I'm pretty sure the fronts will fit right on (right?); but my calipers fit on the back side of my rear brakes and that is very different than my friends 91 SE-R. Could I just turn them upside down? I searched but couldn't find any reference to NX brake swaps and I thought this was a common upgrade (along with an altima master cylinder) for club racers. I'm not signed up to post anywhere else so if anyone has done this swap the help would be greatly appreciated. I can pick up the parts this saturday if they will fit.


----------



## jmann98 (Aug 20, 2004)

search under ad22vf - the name of the caliper on the NX2000 (you want the ones that came off the 91-93 NX2000, with abs, Japan-built)


----------



## wickedsr20 (Aug 8, 2002)

Most people only upgrade the fronts when doing the NX brake upgrade.
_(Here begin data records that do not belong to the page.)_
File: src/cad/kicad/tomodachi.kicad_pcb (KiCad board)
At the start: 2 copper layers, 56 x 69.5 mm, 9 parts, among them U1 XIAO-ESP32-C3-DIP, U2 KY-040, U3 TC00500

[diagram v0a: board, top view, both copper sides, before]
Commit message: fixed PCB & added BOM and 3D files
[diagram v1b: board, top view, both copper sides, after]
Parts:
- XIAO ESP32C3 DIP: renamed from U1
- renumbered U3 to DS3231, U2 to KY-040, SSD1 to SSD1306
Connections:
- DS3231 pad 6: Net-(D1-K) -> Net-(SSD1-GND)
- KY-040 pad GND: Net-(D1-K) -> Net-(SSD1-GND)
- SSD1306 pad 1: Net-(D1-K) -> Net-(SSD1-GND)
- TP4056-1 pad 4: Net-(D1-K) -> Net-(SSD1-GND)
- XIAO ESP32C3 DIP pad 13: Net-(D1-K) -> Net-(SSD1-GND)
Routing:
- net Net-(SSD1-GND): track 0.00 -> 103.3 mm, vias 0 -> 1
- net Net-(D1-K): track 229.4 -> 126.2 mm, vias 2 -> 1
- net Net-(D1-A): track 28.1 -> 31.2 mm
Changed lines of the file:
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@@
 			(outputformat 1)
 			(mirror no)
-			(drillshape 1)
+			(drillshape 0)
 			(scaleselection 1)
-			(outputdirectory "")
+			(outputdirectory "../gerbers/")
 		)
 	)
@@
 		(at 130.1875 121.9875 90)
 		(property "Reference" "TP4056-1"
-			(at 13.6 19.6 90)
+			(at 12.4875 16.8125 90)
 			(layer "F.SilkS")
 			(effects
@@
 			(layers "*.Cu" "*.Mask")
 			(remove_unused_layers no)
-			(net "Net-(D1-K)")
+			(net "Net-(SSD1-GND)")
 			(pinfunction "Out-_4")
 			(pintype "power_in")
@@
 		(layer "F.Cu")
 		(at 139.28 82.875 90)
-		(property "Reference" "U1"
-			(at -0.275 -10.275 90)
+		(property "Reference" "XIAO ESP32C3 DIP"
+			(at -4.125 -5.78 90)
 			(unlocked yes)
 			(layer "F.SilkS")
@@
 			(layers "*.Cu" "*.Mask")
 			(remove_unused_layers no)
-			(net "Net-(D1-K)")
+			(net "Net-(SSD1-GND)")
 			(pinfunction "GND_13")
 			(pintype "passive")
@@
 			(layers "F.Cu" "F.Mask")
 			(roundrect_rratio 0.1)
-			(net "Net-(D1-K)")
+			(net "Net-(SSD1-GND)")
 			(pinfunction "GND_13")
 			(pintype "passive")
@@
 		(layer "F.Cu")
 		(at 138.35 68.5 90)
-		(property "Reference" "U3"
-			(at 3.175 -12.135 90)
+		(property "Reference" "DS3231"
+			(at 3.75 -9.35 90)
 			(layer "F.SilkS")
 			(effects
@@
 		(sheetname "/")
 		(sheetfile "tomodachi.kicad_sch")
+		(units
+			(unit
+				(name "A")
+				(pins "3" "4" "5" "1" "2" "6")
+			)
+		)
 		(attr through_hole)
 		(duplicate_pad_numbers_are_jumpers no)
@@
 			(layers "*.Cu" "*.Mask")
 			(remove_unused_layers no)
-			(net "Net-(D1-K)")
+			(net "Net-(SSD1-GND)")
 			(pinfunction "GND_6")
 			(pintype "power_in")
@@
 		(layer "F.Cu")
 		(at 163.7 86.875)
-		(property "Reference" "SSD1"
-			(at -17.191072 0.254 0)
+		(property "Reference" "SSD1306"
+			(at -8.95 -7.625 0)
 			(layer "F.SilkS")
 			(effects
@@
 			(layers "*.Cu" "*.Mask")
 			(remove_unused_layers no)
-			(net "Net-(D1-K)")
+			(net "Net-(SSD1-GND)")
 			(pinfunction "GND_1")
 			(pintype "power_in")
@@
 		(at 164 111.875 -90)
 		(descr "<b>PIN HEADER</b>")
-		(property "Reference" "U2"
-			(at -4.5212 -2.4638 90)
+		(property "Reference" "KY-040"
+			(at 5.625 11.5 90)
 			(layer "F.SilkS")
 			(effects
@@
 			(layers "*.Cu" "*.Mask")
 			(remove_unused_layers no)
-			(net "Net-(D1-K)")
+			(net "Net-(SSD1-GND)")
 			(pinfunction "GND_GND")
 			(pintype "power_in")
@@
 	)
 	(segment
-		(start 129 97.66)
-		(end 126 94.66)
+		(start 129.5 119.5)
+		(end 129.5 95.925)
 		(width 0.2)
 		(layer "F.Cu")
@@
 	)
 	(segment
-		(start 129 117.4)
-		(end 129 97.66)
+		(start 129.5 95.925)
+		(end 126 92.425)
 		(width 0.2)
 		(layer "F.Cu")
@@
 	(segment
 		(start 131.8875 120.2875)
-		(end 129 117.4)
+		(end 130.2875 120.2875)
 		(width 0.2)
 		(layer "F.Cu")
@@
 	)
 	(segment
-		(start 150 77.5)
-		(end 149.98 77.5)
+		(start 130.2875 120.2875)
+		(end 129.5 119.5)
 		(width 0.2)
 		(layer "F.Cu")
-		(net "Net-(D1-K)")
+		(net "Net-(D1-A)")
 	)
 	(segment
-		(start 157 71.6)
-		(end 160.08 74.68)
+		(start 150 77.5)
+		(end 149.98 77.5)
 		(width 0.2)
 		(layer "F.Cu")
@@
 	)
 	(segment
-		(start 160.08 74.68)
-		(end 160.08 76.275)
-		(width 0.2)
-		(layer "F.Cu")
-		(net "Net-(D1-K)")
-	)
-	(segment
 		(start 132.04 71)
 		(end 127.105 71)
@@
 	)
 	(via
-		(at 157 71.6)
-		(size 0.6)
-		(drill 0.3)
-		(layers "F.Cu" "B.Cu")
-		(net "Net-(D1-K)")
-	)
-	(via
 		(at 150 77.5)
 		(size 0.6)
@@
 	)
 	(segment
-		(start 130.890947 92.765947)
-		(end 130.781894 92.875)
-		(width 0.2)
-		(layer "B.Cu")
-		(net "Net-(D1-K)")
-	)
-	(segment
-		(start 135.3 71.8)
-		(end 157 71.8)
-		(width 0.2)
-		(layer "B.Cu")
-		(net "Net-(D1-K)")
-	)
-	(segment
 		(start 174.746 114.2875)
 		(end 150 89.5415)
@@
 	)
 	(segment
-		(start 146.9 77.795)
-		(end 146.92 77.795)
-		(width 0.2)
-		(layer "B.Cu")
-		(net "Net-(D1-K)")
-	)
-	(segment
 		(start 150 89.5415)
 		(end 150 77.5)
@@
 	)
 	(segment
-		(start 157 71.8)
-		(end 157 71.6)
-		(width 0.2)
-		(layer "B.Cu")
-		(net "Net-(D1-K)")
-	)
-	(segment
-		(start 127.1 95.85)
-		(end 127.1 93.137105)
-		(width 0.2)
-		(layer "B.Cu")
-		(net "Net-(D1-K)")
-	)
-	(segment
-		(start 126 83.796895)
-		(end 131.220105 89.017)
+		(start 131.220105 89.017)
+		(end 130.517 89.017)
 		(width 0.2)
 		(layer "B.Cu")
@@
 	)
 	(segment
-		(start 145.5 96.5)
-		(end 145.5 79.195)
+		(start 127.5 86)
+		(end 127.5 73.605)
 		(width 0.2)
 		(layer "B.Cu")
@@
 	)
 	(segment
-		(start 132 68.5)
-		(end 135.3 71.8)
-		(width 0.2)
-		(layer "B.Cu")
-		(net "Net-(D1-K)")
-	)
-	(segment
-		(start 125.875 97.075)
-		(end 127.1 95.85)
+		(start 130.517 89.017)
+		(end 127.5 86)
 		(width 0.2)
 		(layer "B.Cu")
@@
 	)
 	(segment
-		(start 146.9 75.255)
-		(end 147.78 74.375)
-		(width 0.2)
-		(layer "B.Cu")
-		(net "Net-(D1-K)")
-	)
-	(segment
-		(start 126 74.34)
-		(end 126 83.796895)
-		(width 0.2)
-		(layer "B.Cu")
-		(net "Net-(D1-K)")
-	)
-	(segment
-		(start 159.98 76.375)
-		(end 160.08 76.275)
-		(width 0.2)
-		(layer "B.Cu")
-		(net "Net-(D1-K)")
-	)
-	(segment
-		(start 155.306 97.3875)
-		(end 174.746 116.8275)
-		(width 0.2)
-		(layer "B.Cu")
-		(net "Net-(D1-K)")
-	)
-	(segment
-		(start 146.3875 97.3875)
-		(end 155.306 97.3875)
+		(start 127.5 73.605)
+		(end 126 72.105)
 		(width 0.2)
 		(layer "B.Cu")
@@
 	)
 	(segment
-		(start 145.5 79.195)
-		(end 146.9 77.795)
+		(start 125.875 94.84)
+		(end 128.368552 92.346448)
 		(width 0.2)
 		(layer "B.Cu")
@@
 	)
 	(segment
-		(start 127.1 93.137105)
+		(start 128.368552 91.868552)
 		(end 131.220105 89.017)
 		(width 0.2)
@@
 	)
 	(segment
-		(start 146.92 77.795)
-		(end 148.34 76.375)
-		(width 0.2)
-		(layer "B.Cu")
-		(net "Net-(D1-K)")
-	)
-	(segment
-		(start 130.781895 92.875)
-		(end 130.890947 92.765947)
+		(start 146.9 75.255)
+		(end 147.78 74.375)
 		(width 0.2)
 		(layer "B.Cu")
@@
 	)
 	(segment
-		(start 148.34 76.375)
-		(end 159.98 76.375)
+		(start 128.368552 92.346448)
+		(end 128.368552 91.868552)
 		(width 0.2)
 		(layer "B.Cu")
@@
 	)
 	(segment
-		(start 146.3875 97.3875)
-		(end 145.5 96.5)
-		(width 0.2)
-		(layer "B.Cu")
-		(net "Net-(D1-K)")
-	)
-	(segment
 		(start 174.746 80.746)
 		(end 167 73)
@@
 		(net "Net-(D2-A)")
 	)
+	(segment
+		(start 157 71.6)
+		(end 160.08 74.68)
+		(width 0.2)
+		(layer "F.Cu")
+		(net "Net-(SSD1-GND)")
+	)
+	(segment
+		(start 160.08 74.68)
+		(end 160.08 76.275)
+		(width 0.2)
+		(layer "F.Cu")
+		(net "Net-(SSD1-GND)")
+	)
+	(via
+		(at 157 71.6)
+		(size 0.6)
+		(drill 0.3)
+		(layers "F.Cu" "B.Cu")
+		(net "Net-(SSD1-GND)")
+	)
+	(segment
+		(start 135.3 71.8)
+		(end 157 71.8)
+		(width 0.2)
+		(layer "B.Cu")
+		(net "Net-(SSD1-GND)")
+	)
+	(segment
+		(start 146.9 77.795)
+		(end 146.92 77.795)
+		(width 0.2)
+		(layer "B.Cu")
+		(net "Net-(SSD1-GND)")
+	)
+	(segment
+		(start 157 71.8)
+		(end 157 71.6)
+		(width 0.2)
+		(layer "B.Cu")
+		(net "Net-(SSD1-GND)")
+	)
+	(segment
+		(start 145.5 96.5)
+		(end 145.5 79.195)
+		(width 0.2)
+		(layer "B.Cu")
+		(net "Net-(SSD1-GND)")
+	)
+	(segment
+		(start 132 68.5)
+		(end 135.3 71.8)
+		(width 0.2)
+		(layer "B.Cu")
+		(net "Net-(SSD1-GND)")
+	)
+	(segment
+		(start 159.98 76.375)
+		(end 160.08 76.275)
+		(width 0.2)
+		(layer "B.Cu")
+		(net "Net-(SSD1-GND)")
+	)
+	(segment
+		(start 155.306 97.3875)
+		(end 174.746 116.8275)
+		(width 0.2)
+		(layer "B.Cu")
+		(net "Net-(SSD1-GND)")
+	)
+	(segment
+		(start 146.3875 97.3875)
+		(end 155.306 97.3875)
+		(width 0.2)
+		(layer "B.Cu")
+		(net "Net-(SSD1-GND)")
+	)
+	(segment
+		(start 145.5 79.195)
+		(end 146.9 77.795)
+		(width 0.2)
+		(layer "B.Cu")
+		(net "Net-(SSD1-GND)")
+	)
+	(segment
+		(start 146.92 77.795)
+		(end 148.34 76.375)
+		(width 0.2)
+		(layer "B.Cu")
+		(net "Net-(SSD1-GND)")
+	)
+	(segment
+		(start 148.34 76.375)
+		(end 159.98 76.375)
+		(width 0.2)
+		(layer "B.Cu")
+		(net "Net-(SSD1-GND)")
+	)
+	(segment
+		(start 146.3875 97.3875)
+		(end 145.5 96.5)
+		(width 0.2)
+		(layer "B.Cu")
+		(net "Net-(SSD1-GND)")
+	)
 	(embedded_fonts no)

The AD22 rotors, calipers, torque members, and the Altima MC should be all you need if you have an SE-R. If you have rear drum brakes, it would be much much easier to swap in 95-99 SE-R rear brakes, since they will bolt in equally as easy as the front brakes. You could add stainless steel braided lines if you want to complete the upgrade.


----------



## El Nismo (Jun 21, 2004)

Ah yes ad22vf; and thank you for not being rude. So the rears bolt on a 98 also? Its the only question I still have. The local yard will give all 4 rotors and calipers and altima mc for $100, I cannot pass it up as I plan on a VE swap this summer. Thanks for the info. BTW wickedSR could you recomend a reputable supplier for a SR20VE?


----------



## eric96ser (Apr 30, 2002)

B13 rears do not fit a B14.


----------



## wickedsr20 (Aug 8, 2002)

If you could get everything for $100, you could pick it up and sell the rears to get some of your money back, or just get the front rotors and calipers. You won't want to try putting NX rears on your B14. As far as the VE goes, mine came from Andreas Miko in FL. He seems to find real nice low mileage motors on the regular. Not to mention his knowledge and tech support is so valuable if you have any questions. You may want to shoot him a PM.


----------



## El Nismo (Jun 21, 2004)

Ok no rears. And forget the mc. They want $60 for just the front. Thanks for the help.


----------